> [EXERCISE OBJECTIVE]: Keep only those lines of the records that include the string "Continuous".

> [Entries taken from a collection]:
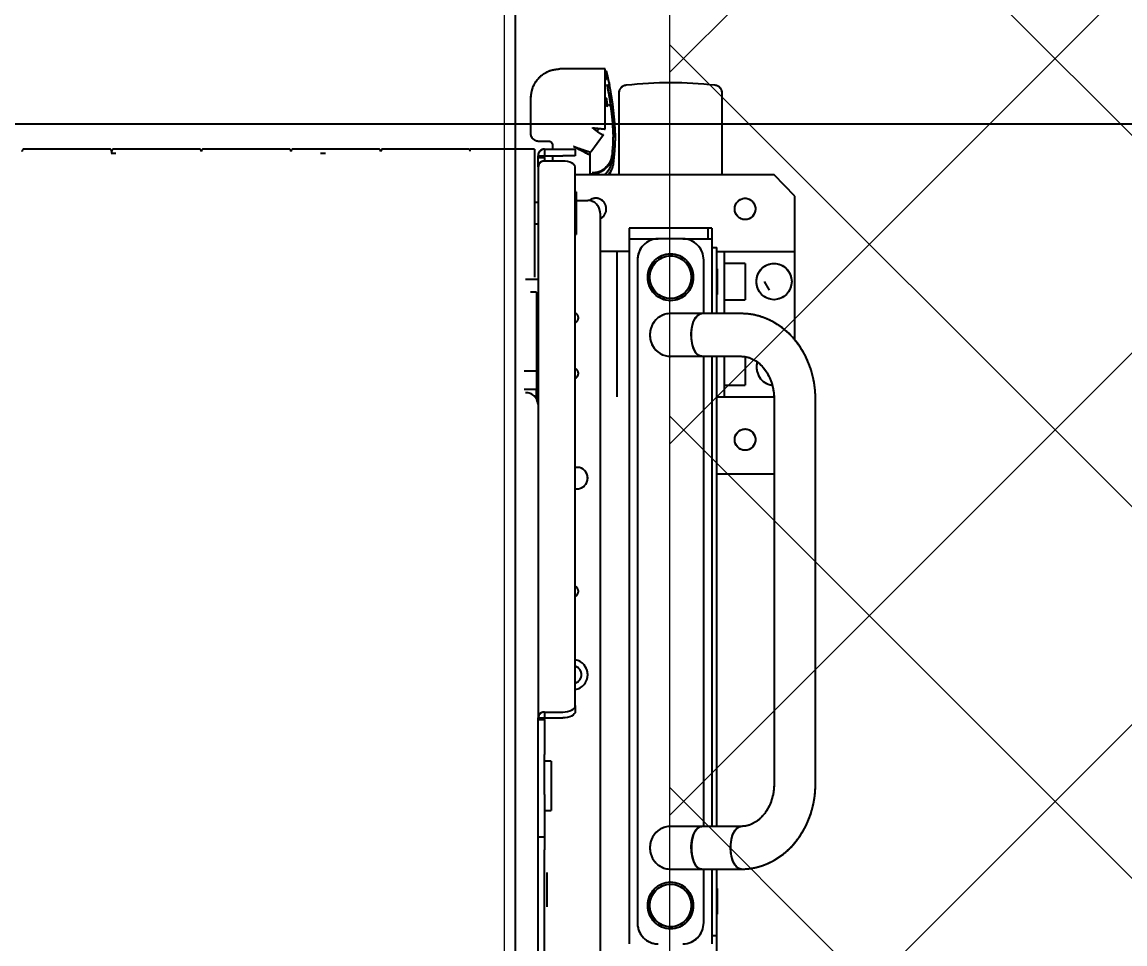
# Model space of a CAD drawing. Header units: centimetres. Extents: x 405564 to 502064, y 46284 to 60634.
# Drawn here: x 454227.81 to 454254.48, y 54268.73 to 54291.02 of the extents above; entities that cross this region are included whole.
import ezdxf
from ezdxf import colors
from ezdxf.entities.mleader import LeaderData, LeaderLine
from ezdxf.math import Vec2, Vec3
from ezdxf.xclip import XClip

# ---------------------------------------------------------------- set-up
doc = ezdxf.new("R2010")
doc.units = ezdxf.units.CM
doc.header["$XCLIPFRAME"] = 0
doc.linetypes.add('SLD-2点鎖線', pattern=[12.7, 6.35, -1.27, 1.27, -1.27, 1.27, -1.27])
doc.linetypes.add('SLD-実線', pattern=[0])
for name, color, linetype in [('---___EB_draft03_cihazlar', 8, 'Continuous'), ('0-KRCN-ASMATAVAN-130426', 8, 'Continuous'), ('AS_DUV', 8, 'Continuous'), ('AS_PYZ_BINA', 8, 'Continuous')]:
    doc.layers.add(name, color=color, linetype=linetype)
for name, color, linetype, lineweight in [('0-KRCN-AYDINLATMA-130426', 8, 'Continuous', 9), ('0-KRCN-MİMARİ-220526', 8, 'Continuous', 9), ('OL_Ic', 8, 'Continuous', 9)]:
    doc.layers.add(name, color=color, linetype=linetype, lineweight=lineweight)
doc.styles.add('Kalin02', font='arialbd.ttf')
doc.styles.add('Normal_ITL', font='swissi.ttf')

# ---------------------------------------------------------------- blocks, each defined once
blk = doc.blocks.new('50W 60x60 cm  SIVA ALTI LED ARMATÜR')
at = {"layer": '0-KRCN-AYDINLATMA-130426'}
h = blk.add_hatch(dxfattribs=at)
h.set_pattern_fill('ANSI37', color=256, scale=0.2)
h.paths.add_polyline_path([(-2.6, 2.5943), (2.6, 2.5943), (2.6, -2.6057), (-2.6, -2.6057)])
for points in [[(-3, 2.9943), (3, 2.9943), (3, -3.007), (-3, -3.007)], [(-2.6, 2.5943), (2.6, 2.5943), (2.6, -2.6057), (-2.6, -2.6057)]]:
    blk.add_lwpolyline(points, close=True, dxfattribs=at)
blk = doc.blocks.new('G$C27E741DA')
at = {"layer": '0-KRCN-AYDINLATMA-130426', "xscale": 10, "yscale": 10, "zscale": 10}
blk.add_blockref('50W 60x60 cm  SIVA ALTI LED ARMATÜR', (16205.41, 7158.634), dxfattribs=at)
blk = doc.blocks.new('SMD Dizgi Makinesi')
at = {"layer": '---___EB_draft03_cihazlar', "linetype": 'SLD-2点鎖線'}
for p, q in [((275442.03, -39750.736), (275432.731, -39750.736)), ((275427.823, -39751.237), (275427.306, -39751.738)), ((275429.166, -39751.237), (275427.823, -39751.237)), ((275429.166, -39752.939), (275429.166, -39751.237)), ((275431.305, -39751.237), (275429.166, -39751.237)), ((275427.306, -39751.738), (275427.306, -39756.545)), ((275432.679, -39752.939), (275432.679, -39751.74)), ((275432.731, -39751.738), (275442.03, -39751.738)), ((275434.539, -39753.12), (275434.539, -39751.738)), ((275429.45, -39752.439), (275429.45, -39752.939)), ((275429.45, -39752.439), (275430.328, -39752.439)), ((275430.328, -39752.939), (275430.328, -39752.439)), ((275430.664, -39752.538), (275430.664, -39753.49)), ((275431.697, -39753.49), (275431.697, -39752.538)), ((275431.704, -39752.439), (275432.395, -39752.439)), ((275432.395, -39752.939), (275432.395, -39752.439)), ((275443.072, -39752.583), (275443.063, -39752.54)), ((275443.064, -39752.538), (275443.064, -39753.49)), ((275443.065, -39752.555), (275443.064, -39752.538)), ((275443.093, -39752.622), (275443.065, -39752.555)), ((275443.116, -39752.648), (275443.072, -39752.583)), ((275443.158, -39752.682), (275443.093, -39752.622)), ((275443.195, -39752.705), (275443.116, -39752.648)), ((275444.067, -39752.622), (275444.002, -39752.682)), ((275444.083, -39752.594), (275444.033, -39752.658)), ((275444.095, -39752.555), (275444.067, -39752.622)), ((275444.097, -39752.531), (275444.083, -39752.594)), ((275444.097, -39752.538), (275444.095, -39752.555)), ((275444.097, -39753.49), (275444.097, -39752.543)), ((275443.254, -39752.732), (275443.158, -39752.682)), ((275443.302, -39752.749), (275443.195, -39752.705)), ((275443.374, -39752.768), (275443.254, -39752.732)), ((275443.429, -39752.777), (275443.302, -39752.749)), ((275443.51, -39752.786), (275443.374, -39752.768)), ((275443.568, -39752.788), (275443.429, -39752.777)), ((275443.65, -39752.786), (275443.51, -39752.786)), ((275443.708, -39752.78), (275443.568, -39752.788)), ((275443.786, -39752.768), (275443.65, -39752.786)), ((275443.838, -39752.755), (275443.708, -39752.78)), ((275443.906, -39752.732), (275443.786, -39752.768)), ((275443.949, -39752.713), (275443.838, -39752.755)), ((275444.002, -39752.682), (275443.906, -39752.732)), ((275444.033, -39752.658), (275443.949, -39752.713)), ((275427.306, -39752.99), (275425.349, -39752.99)), ((275430.096, -39753.12), (275429.063, -39753.12)), ((275429.063, -39753.24), (275429.063, -39753.12)), ((275429.166, -39753.12), (275429.166, -39752.939)), ((275430.664, -39752.939), (275429.166, -39752.939)), ((275429.579, -39753.11), (275429.579, -39753.12)), ((275429.579, -39753.11), (275430.199, -39753.11)), ((275430.664, -39753.12), (275430.096, -39753.12)), ((275430.199, -39753.12), (275430.199, -39753.11)), ((275432.679, -39752.939), (275431.697, -39752.939)), ((275443.064, -39753.12), (275431.697, -39753.12)), ((275432.679, -39753.12), (275432.679, -39752.939)), ((275444.665, -39753.12), (275444.097, -39753.12)), ((275444.562, -39753.11), (275444.562, -39753.12)), ((275444.562, -39753.11), (275445.182, -39753.11)), ((275445.698, -39753.12), (275444.665, -39753.12)), ((275445.182, -39753.12), (275445.182, -39753.11)), ((275447.765, -39753.12), (275445.698, -39753.12)), ((275445.698, -39753.24), (275445.698, -39753.12)), ((275428.598, -39753.24), (275428.598, -39753.34)), ((275428.598, -39753.24), (275428.856, -39753.24)), ((275428.598, -39753.34), (275428.598, -39755.143)), ((275428.598, -39753.34), (275428.856, -39753.34)), ((275428.856, -39753.24), (275430.664, -39753.24)), ((275428.856, -39753.34), (275428.856, -39753.24)), ((275428.856, -39753.941), (275428.856, -39753.34)), ((275430.664, -39753.44), (275429.373, -39753.44)), ((275431.697, -39753.24), (275443.064, -39753.24)), ((275443.064, -39753.44), (275431.697, -39753.44)), ((275444.097, -39753.24), (275445.905, -39753.24)), ((275445.388, -39753.44), (275444.097, -39753.44)), ((275430.669, -39753.524), (275430.664, -39753.485)), ((275430.664, -39753.49), (275430.664, -39754.241)), ((275430.665, -39753.507), (275430.664, -39753.49)), ((275430.694, -39753.574), (275430.665, -39753.507)), ((275430.707, -39753.59), (275430.669, -39753.524)), ((275430.759, -39753.635), (275430.694, -39753.574)), ((275430.78, -39753.648), (275430.707, -39753.59)), ((275430.855, -39753.684), (275430.759, -39753.635)), ((275430.883, -39753.695), (275430.78, -39753.648)), ((275430.975, -39753.72), (275430.855, -39753.684)), ((275431.008, -39753.726), (275430.883, -39753.695)), ((275431.418, -39753.713), (275431.286, -39753.735)), ((275431.507, -39753.684), (275431.387, -39753.72)), ((275431.533, -39753.673), (275431.418, -39753.713)), ((275431.603, -39753.635), (275431.507, -39753.684)), ((275431.622, -39753.62), (275431.533, -39753.673)), ((275431.667, -39753.574), (275431.603, -39753.635)), ((275431.678, -39753.558), (275431.622, -39753.62)), ((275431.696, -39753.507), (275431.667, -39753.574)), ((275431.697, -39753.49), (275431.678, -39753.558)), ((275431.697, -39753.49), (275431.696, -39753.507)), ((275431.697, -39753.485), (275431.697, -39753.49)), ((275431.697, -39754.241), (275431.697, -39753.49)), ((275443.063, -39753.49), (275443.063, -39754.241)), ((275443.068, -39753.524), (275443.064, -39753.485)), ((275443.064, -39753.49), (275443.065, -39753.507)), ((275443.065, -39753.507), (275443.093, -39753.574)), ((275443.106, -39753.59), (275443.068, -39753.524)), ((275443.093, -39753.574), (275443.158, -39753.635)), ((275443.179, -39753.648), (275443.106, -39753.59)), ((275443.158, -39753.635), (275443.254, -39753.684)), ((275443.282, -39753.695), (275443.179, -39753.648)), ((275443.254, -39753.684), (275443.374, -39753.72)), ((275443.407, -39753.726), (275443.282, -39753.695)), ((275443.818, -39753.713), (275443.685, -39753.735)), ((275443.786, -39753.72), (275443.906, -39753.684)), ((275443.933, -39753.673), (275443.818, -39753.713)), ((275443.906, -39753.684), (275444.002, -39753.635)), ((275444.021, -39753.62), (275443.933, -39753.673)), ((275444.002, -39753.635), (275444.067, -39753.574)), ((275444.078, -39753.558), (275444.021, -39753.62)), ((275444.067, -39753.574), (275444.095, -39753.507)), ((275444.097, -39753.49), (275444.078, -39753.558)), ((275444.095, -39753.507), (275444.097, -39753.49)), ((275444.097, -39753.485), (275444.097, -39753.49)), ((275444.097, -39754.241), (275444.097, -39753.49)), ((275428.856, -39753.941), (275428.856, -39754.542)), ((275431.11, -39753.738), (275430.975, -39753.72)), ((275431.146, -39753.74), (275431.008, -39753.726)), ((275431.251, -39753.738), (275431.11, -39753.738)), ((275431.286, -39753.735), (275431.146, -39753.74)), ((275431.387, -39753.72), (275431.251, -39753.738)), ((275443.374, -39753.72), (275443.51, -39753.738)), ((275443.545, -39753.74), (275443.407, -39753.726)), ((275443.51, -39753.738), (275443.65, -39753.738)), ((275443.685, -39753.735), (275443.545, -39753.74)), ((275443.65, -39753.738), (275443.786, -39753.72)), ((275428.856, -39755.143), (275428.856, -39754.542)), ((275429.373, -39755.043), (275445.388, -39755.043)), ((275428.598, -39755.143), (275428.598, -39755.243)), ((275428.598, -39755.243), (275428.856, -39755.243)), ((275428.856, -39755.243), (275428.856, -39755.143)), ((275428.856, -39755.243), (275445.905, -39755.243)), ((275429.166, -39755.243), (275429.166, -39755.543)), ((275425.349, -39755.493), (275427.306, -39755.493)), ((275429.166, -39755.543), (275429.166, -39755.944)), ((275426.204, -39755.82), (275424.747, -39755.82)), ((275424.747, -39755.82), (275424.747, -39756.12)), ((275424.957, -39755.76), (275424.985, -39755.754)), ((275425.125, -39755.774), (275425.149, -39755.769)), ((275425.149, -39755.769), (275425.149, -39755.718)), ((275425.461, -39755.786), (275425.458, -39755.82)), ((275425.625, -39755.82), (275425.653, -39755.769)), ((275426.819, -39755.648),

> [REPLY TO THE EXERCISE]:
for name, color, linetype in [('---___EB_draft03_cihazlar', 8, 'Continuous'), ('0-KRCN-ASMATAVAN-130426', 8, 'Continuous'), ('AS_DUV', 8, 'Continuous'), ('AS_PYZ_BINA', 8, 'Continuous')]:
for name, color, linetype, lineweight in [('0-KRCN-AYDINLATMA-130426', 8, 'Continuous', 9), ('0-KRCN-MİMARİ-220526', 8, 'Continuous', 9), ('OL_Ic', 8, 'Continuous', 9)]:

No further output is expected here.